- **Records provided**:
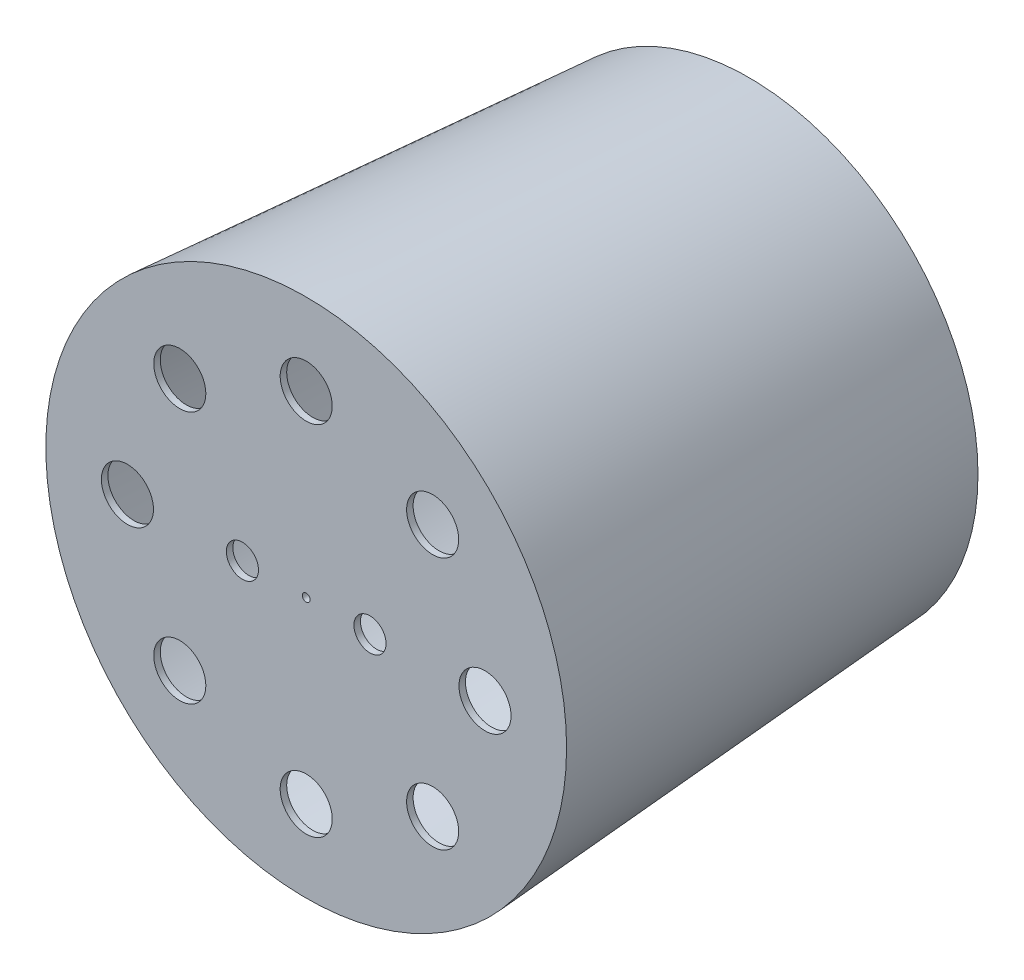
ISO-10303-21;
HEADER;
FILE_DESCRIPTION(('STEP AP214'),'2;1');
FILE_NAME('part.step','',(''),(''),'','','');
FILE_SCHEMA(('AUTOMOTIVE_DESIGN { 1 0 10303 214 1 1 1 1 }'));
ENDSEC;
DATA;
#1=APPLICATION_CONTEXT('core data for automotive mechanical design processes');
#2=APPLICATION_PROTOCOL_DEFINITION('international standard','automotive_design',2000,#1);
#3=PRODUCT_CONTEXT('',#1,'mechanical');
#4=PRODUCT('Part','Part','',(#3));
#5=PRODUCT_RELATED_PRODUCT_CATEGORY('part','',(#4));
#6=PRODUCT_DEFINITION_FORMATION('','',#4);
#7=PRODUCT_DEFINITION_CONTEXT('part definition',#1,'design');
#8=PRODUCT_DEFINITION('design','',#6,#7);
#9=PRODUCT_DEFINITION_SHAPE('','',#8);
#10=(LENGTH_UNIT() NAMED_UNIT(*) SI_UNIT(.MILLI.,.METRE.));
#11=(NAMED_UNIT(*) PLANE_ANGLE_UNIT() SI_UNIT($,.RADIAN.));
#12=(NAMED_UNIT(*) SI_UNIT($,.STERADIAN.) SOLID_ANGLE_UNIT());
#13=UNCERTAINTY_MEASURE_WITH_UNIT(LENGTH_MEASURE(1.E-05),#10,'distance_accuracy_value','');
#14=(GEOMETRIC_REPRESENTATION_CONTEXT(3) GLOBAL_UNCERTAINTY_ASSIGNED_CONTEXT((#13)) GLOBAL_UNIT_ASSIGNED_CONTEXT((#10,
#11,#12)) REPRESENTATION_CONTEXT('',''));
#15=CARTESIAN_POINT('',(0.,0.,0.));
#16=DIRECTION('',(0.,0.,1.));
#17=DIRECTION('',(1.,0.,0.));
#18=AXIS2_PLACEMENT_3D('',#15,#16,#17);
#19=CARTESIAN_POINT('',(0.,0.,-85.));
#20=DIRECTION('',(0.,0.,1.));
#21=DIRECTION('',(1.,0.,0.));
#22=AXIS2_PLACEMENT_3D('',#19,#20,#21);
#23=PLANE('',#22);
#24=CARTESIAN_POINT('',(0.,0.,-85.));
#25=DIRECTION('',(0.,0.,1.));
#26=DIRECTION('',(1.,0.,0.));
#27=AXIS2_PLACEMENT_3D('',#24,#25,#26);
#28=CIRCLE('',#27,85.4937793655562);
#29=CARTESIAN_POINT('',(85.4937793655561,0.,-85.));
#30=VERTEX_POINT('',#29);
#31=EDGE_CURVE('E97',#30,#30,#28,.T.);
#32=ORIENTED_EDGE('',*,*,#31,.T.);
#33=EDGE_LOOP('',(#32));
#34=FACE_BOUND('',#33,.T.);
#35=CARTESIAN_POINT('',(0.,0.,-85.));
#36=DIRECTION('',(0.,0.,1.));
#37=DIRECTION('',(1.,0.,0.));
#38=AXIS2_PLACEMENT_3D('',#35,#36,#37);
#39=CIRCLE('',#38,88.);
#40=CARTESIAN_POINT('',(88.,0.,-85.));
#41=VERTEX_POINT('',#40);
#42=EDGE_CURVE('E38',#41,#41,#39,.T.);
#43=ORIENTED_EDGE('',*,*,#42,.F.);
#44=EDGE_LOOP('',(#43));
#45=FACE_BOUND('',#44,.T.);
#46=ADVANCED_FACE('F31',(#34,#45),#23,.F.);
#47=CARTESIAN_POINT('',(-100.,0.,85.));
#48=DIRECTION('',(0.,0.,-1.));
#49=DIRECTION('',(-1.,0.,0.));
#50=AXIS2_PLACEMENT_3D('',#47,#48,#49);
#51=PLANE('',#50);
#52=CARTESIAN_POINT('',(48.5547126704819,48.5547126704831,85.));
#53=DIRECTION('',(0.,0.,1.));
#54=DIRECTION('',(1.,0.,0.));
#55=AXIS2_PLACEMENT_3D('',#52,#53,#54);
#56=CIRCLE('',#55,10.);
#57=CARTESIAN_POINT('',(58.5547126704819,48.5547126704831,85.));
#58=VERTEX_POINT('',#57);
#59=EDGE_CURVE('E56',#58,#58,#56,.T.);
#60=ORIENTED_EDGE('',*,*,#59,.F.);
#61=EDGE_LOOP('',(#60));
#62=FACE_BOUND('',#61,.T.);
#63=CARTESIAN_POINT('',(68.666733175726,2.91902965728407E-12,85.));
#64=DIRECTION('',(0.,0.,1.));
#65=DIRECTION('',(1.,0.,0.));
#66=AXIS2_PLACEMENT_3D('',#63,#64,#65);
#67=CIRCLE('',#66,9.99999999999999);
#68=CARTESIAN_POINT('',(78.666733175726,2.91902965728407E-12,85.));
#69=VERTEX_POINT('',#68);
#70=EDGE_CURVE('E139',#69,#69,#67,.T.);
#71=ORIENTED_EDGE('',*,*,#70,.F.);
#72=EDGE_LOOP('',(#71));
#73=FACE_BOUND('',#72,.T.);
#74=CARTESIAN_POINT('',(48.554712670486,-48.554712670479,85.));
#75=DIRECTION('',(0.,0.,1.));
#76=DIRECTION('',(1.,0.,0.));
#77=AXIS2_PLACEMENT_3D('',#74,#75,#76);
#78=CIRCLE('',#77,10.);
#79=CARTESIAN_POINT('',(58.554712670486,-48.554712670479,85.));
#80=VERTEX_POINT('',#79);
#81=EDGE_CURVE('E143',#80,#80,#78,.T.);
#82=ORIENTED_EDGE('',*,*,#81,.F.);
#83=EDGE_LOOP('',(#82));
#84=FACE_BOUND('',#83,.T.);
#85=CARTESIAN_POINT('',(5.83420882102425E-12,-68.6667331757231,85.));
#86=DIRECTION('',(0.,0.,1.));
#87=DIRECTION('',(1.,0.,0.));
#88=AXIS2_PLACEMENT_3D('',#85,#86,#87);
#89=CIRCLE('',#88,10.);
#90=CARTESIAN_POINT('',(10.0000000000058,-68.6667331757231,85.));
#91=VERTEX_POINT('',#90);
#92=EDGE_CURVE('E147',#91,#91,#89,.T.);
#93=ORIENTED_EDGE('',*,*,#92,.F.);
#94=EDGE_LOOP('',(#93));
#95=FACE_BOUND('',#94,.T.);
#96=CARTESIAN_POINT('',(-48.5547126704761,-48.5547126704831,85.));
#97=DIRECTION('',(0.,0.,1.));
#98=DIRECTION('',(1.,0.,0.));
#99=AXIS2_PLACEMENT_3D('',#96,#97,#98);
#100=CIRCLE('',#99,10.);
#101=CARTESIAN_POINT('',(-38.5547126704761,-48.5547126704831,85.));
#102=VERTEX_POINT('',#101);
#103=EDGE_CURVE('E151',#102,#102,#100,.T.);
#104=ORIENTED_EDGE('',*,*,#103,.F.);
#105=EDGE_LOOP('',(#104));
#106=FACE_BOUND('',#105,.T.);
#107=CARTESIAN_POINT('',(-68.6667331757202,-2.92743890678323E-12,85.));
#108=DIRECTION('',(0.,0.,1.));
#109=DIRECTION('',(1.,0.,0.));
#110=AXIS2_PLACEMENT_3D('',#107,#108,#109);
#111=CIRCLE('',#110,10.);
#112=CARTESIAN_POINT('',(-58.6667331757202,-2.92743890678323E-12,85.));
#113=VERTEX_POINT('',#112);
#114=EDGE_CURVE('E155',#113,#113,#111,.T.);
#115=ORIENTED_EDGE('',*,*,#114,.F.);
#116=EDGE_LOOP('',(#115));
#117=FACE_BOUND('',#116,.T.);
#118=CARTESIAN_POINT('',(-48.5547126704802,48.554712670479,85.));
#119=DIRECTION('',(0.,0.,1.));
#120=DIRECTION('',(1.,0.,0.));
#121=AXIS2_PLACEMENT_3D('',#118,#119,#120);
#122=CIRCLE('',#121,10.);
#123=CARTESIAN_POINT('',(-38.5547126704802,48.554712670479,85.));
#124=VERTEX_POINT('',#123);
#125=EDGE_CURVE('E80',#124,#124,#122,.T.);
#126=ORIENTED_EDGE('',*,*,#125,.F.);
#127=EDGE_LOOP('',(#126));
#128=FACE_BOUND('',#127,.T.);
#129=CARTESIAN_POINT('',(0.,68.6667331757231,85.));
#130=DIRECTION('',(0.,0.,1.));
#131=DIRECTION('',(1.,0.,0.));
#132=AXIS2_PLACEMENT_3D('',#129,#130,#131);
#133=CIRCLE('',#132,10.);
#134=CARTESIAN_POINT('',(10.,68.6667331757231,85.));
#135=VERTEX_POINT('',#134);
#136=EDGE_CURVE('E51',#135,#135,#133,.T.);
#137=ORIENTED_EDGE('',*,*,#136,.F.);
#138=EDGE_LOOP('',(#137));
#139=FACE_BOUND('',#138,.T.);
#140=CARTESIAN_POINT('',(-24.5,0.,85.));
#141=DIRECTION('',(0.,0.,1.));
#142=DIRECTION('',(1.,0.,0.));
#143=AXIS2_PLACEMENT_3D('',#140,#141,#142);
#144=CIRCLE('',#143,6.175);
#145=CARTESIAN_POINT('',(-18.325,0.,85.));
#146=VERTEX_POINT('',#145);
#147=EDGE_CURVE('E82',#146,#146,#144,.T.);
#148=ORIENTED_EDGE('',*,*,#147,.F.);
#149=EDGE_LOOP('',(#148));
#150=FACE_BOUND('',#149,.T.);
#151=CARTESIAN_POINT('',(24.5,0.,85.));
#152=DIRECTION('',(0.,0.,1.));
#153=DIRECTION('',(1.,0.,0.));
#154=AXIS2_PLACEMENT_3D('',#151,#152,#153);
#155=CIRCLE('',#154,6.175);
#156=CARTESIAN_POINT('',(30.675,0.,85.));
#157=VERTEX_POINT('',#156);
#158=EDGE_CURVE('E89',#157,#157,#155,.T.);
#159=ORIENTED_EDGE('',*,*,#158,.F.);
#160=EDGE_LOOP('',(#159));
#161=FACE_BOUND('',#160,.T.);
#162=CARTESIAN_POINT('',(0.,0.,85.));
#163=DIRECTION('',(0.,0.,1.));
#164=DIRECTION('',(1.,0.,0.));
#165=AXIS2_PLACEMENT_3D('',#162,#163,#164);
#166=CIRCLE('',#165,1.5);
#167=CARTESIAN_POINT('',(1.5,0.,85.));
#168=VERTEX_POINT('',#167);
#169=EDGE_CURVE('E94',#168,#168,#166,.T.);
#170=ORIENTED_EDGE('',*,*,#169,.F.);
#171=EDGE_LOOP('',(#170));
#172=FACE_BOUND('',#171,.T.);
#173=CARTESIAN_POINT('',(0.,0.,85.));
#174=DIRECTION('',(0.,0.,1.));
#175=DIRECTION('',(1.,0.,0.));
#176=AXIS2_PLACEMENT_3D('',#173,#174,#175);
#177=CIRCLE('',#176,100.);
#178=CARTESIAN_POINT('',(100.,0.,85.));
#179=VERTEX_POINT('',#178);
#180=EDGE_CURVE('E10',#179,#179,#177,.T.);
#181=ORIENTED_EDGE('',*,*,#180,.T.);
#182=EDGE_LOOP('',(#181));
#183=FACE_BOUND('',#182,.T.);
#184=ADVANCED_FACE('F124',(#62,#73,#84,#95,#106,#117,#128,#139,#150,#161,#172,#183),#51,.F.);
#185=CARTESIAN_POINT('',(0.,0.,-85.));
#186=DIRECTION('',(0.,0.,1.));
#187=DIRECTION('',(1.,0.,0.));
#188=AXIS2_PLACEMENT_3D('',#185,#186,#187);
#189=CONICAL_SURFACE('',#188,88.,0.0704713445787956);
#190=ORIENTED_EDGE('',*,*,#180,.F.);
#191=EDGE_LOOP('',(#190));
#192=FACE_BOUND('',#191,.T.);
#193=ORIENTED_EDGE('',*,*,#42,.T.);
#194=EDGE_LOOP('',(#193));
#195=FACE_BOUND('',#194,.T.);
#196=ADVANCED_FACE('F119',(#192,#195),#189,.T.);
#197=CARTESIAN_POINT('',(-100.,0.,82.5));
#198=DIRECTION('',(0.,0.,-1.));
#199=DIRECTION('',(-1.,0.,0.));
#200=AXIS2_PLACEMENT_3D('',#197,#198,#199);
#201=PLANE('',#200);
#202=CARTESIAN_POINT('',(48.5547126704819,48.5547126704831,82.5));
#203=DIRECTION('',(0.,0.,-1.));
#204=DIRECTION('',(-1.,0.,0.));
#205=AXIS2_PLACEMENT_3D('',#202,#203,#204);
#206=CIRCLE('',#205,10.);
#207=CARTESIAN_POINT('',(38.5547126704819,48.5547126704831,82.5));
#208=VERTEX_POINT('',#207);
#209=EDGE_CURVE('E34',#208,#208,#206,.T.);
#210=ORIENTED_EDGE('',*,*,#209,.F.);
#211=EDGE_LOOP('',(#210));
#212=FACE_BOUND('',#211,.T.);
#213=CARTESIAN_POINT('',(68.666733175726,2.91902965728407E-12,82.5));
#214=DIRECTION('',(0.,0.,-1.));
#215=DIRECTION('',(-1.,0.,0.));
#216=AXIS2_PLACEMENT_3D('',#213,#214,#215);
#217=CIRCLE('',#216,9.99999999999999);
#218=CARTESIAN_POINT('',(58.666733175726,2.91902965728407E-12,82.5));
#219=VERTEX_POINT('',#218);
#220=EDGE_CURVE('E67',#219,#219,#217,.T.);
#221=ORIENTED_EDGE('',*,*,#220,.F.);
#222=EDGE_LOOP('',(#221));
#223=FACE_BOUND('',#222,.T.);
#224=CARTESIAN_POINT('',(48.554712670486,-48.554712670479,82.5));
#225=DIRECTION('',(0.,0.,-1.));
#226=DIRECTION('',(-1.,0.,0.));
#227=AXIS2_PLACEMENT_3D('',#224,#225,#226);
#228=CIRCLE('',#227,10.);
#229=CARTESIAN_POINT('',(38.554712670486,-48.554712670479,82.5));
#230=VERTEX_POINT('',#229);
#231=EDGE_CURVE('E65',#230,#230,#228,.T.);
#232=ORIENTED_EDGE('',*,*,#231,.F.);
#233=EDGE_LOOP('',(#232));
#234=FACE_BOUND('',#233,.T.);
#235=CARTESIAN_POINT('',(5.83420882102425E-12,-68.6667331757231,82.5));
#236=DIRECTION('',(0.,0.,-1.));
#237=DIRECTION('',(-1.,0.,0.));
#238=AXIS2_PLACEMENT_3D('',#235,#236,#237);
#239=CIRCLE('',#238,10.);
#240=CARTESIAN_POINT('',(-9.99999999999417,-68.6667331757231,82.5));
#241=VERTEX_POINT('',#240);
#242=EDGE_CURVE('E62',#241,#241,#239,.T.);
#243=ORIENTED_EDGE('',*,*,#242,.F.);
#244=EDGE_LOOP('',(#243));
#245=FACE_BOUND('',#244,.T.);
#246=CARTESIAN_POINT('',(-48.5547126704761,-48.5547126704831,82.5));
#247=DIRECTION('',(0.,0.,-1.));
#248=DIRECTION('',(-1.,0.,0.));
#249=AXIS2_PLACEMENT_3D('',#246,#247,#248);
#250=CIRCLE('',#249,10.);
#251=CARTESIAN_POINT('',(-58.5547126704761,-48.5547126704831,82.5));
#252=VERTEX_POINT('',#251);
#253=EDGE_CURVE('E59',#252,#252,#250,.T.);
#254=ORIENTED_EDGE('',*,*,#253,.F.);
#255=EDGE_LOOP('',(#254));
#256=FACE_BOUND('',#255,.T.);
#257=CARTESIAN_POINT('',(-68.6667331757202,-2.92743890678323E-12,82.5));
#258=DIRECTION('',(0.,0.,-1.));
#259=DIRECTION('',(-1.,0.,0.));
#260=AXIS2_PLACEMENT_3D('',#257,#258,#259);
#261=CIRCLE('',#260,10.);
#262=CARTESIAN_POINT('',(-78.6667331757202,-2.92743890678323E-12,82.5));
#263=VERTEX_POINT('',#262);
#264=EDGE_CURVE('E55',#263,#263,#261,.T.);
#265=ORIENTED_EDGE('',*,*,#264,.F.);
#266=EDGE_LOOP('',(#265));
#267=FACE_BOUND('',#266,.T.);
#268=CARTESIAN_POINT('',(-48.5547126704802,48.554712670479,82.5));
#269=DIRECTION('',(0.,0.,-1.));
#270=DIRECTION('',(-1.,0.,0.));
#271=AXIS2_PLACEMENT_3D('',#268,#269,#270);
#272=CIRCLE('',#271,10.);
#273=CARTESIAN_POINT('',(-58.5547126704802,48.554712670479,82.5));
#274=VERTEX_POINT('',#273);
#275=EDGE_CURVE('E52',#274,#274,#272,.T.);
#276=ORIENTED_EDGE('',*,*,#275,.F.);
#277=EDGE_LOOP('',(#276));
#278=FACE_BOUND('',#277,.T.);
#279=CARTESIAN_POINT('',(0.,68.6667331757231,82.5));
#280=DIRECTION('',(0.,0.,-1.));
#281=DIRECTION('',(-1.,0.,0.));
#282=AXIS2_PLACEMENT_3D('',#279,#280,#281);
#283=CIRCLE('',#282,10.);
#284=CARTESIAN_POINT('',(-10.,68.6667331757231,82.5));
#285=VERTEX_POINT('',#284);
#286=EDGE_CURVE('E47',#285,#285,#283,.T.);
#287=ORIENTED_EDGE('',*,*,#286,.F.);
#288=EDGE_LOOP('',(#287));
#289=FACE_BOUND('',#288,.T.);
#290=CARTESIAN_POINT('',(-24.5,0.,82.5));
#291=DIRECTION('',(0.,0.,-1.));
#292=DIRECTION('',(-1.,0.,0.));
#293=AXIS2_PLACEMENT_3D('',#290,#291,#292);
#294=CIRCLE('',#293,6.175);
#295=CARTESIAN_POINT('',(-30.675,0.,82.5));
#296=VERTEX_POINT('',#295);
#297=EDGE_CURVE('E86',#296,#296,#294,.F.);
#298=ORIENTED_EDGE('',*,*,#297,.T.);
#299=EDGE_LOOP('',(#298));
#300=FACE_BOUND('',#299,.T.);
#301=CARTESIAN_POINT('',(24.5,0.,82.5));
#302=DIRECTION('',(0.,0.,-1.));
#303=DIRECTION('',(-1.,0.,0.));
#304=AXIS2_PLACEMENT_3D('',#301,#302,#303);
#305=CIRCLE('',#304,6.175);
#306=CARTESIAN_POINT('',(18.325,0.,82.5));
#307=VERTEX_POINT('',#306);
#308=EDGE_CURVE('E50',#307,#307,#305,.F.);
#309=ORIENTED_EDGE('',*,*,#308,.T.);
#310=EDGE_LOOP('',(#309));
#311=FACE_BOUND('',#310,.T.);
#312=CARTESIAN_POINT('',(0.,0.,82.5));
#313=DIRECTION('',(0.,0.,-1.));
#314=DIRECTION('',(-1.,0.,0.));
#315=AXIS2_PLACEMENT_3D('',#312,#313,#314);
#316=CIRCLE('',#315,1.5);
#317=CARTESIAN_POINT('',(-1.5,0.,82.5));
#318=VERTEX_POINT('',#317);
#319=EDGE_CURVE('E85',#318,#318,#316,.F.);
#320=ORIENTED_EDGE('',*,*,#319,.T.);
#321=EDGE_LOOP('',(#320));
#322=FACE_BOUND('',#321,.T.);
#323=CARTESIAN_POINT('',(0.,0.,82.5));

- **What is being asked**: Search the entries for the word "mechanical". Copy every line where it occurs.

- **Result below**:
#1=APPLICATION_CONTEXT('core data for automotive mechanical design processes');
#3=PRODUCT_CONTEXT('',#1,'mechanical');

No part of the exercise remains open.